= YOUR ASSIGNMENT =
Only a slice of the listing below is wanted. Retype the lines from the one containing "#9=PRODUCT_DEFINITION_SHAPE('','',#8);" through the one containing "#30=VERTEX_POINT('',#29);", exactly, both ends included.

= RECORDED INFORMATION =
☆ ☆ ☆ ☆

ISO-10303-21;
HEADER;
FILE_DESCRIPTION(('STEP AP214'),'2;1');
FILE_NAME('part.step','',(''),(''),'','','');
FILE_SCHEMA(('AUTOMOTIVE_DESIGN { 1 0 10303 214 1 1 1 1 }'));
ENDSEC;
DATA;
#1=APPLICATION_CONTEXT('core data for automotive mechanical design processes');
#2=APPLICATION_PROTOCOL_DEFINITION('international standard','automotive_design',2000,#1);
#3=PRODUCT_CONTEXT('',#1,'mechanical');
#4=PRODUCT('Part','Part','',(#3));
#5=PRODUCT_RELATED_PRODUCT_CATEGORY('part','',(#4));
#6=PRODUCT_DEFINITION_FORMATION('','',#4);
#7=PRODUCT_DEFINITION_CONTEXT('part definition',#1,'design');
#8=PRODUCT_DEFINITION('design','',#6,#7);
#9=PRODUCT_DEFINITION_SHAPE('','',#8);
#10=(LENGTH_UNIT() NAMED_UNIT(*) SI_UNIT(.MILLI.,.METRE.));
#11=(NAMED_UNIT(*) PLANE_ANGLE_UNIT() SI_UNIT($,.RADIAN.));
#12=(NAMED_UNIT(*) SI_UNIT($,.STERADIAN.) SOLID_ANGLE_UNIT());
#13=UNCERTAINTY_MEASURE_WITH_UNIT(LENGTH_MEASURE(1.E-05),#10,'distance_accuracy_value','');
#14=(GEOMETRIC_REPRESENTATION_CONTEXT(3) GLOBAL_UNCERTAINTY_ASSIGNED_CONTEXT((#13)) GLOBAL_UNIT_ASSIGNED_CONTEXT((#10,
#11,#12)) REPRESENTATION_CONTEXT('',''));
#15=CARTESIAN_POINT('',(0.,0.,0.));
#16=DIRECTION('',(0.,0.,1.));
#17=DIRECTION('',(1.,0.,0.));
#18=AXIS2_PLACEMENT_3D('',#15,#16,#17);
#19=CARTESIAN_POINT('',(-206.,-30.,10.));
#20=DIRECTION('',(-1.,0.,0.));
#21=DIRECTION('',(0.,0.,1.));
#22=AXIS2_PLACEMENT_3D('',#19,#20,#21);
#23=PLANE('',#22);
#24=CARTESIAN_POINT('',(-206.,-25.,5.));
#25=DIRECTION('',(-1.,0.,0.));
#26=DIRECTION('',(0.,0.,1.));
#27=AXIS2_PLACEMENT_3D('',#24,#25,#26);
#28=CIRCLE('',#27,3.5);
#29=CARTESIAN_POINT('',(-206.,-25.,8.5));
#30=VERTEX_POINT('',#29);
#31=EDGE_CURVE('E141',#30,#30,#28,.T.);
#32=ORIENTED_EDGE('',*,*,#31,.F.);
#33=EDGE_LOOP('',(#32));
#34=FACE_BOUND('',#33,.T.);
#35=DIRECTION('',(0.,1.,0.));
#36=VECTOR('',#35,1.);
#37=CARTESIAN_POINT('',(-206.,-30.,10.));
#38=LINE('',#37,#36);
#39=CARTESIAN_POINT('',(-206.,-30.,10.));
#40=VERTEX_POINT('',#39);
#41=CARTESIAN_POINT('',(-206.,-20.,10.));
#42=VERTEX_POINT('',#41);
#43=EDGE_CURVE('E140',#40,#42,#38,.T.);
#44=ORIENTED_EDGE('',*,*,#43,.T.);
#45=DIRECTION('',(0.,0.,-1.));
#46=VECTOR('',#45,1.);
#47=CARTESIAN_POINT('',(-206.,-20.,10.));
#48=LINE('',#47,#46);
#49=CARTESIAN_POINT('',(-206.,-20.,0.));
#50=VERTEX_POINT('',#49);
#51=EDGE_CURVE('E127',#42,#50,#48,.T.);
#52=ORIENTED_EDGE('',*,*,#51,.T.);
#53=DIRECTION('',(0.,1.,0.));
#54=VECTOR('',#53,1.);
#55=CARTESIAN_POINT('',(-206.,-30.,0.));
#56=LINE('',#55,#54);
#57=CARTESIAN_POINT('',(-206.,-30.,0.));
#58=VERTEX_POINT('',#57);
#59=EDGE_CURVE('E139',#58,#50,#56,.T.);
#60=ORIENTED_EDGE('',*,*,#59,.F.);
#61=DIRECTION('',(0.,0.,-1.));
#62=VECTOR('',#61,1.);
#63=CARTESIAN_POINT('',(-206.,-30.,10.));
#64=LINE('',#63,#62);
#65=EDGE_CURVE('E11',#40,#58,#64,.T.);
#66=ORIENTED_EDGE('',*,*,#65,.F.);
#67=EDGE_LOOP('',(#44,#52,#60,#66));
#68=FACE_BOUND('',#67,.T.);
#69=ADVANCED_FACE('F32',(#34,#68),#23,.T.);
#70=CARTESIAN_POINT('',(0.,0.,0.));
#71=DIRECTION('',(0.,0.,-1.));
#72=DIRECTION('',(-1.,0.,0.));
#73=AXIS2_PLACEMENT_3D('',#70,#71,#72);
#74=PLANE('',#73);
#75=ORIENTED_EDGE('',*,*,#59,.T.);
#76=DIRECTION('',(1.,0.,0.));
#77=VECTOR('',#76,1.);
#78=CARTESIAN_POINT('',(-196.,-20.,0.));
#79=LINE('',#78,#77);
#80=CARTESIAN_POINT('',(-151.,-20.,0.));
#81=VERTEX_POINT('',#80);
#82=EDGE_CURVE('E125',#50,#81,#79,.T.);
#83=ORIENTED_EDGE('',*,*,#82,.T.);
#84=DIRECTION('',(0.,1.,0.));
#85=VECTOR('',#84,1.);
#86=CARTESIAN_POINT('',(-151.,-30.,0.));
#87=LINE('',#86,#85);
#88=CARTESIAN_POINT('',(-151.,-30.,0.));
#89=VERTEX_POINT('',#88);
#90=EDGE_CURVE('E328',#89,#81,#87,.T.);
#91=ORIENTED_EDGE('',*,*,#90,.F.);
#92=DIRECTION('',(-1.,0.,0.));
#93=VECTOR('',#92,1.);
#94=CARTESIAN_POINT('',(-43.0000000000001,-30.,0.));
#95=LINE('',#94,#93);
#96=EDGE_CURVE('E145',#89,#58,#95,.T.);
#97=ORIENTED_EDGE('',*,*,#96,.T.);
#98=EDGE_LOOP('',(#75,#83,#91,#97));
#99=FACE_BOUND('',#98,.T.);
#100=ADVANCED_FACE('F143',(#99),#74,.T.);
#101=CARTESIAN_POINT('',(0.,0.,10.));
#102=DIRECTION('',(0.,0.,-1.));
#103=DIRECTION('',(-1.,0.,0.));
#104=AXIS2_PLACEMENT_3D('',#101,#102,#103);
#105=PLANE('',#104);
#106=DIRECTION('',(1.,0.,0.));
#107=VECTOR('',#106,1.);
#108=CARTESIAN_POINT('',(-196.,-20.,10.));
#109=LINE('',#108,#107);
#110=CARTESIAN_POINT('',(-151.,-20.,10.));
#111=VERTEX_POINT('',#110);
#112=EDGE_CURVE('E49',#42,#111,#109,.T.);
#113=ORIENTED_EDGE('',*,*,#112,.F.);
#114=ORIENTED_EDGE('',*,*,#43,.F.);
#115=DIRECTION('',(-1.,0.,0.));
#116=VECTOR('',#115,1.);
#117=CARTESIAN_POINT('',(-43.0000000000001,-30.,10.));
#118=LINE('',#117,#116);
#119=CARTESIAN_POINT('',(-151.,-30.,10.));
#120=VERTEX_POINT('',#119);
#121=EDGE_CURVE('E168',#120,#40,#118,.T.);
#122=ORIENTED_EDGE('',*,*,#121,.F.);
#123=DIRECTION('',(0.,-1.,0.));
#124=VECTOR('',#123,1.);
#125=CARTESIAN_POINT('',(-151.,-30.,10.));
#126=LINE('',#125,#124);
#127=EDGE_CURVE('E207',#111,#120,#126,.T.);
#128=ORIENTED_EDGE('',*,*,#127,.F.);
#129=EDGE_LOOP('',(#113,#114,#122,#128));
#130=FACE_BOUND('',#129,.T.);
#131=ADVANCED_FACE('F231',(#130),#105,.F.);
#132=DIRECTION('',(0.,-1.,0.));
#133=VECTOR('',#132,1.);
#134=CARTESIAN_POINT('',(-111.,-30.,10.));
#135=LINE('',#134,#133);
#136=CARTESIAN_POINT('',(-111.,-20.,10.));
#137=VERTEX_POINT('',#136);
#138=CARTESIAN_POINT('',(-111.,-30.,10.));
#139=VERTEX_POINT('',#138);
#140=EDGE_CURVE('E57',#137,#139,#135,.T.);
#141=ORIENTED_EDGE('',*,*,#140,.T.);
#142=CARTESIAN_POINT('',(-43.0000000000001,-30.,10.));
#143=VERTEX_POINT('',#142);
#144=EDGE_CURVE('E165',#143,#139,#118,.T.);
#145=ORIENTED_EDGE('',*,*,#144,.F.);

☆ ☆ ☆ ☆

= RESULT OF THIS EXERCISE =
#9=PRODUCT_DEFINITION_SHAPE('','',#8);
#10=(LENGTH_UNIT() NAMED_UNIT(*) SI_UNIT(.MILLI.,.METRE.));
#11=(NAMED_UNIT(*) PLANE_ANGLE_UNIT() SI_UNIT($,.RADIAN.));
#12=(NAMED_UNIT(*) SI_UNIT($,.STERADIAN.) SOLID_ANGLE_UNIT());
#13=UNCERTAINTY_MEASURE_WITH_UNIT(LENGTH_MEASURE(1.E-05),#10,'distance_accuracy_value','');
#14=(GEOMETRIC_REPRESENTATION_CONTEXT(3) GLOBAL_UNCERTAINTY_ASSIGNED_CONTEXT((#13)) GLOBAL_UNIT_ASSIGNED_CONTEXT((#10,
#11,#12)) REPRESENTATION_CONTEXT('',''));
#15=CARTESIAN_POINT('',(0.,0.,0.));
#16=DIRECTION('',(0.,0.,1.));
#17=DIRECTION('',(1.,0.,0.));
#18=AXIS2_PLACEMENT_3D('',#15,#16,#17);
#19=CARTESIAN_POINT('',(-206.,-30.,10.));
#20=DIRECTION('',(-1.,0.,0.));
#21=DIRECTION('',(0.,0.,1.));
#22=AXIS2_PLACEMENT_3D('',#19,#20,#21);
#23=PLANE('',#22);
#24=CARTESIAN_POINT('',(-206.,-25.,5.));
#25=DIRECTION('',(-1.,0.,0.));
#26=DIRECTION('',(0.,0.,1.));
#27=AXIS2_PLACEMENT_3D('',#24,#25,#26);
#28=CIRCLE('',#27,3.5);
#29=CARTESIAN_POINT('',(-206.,-25.,8.5));
#30=VERTEX_POINT('',#29);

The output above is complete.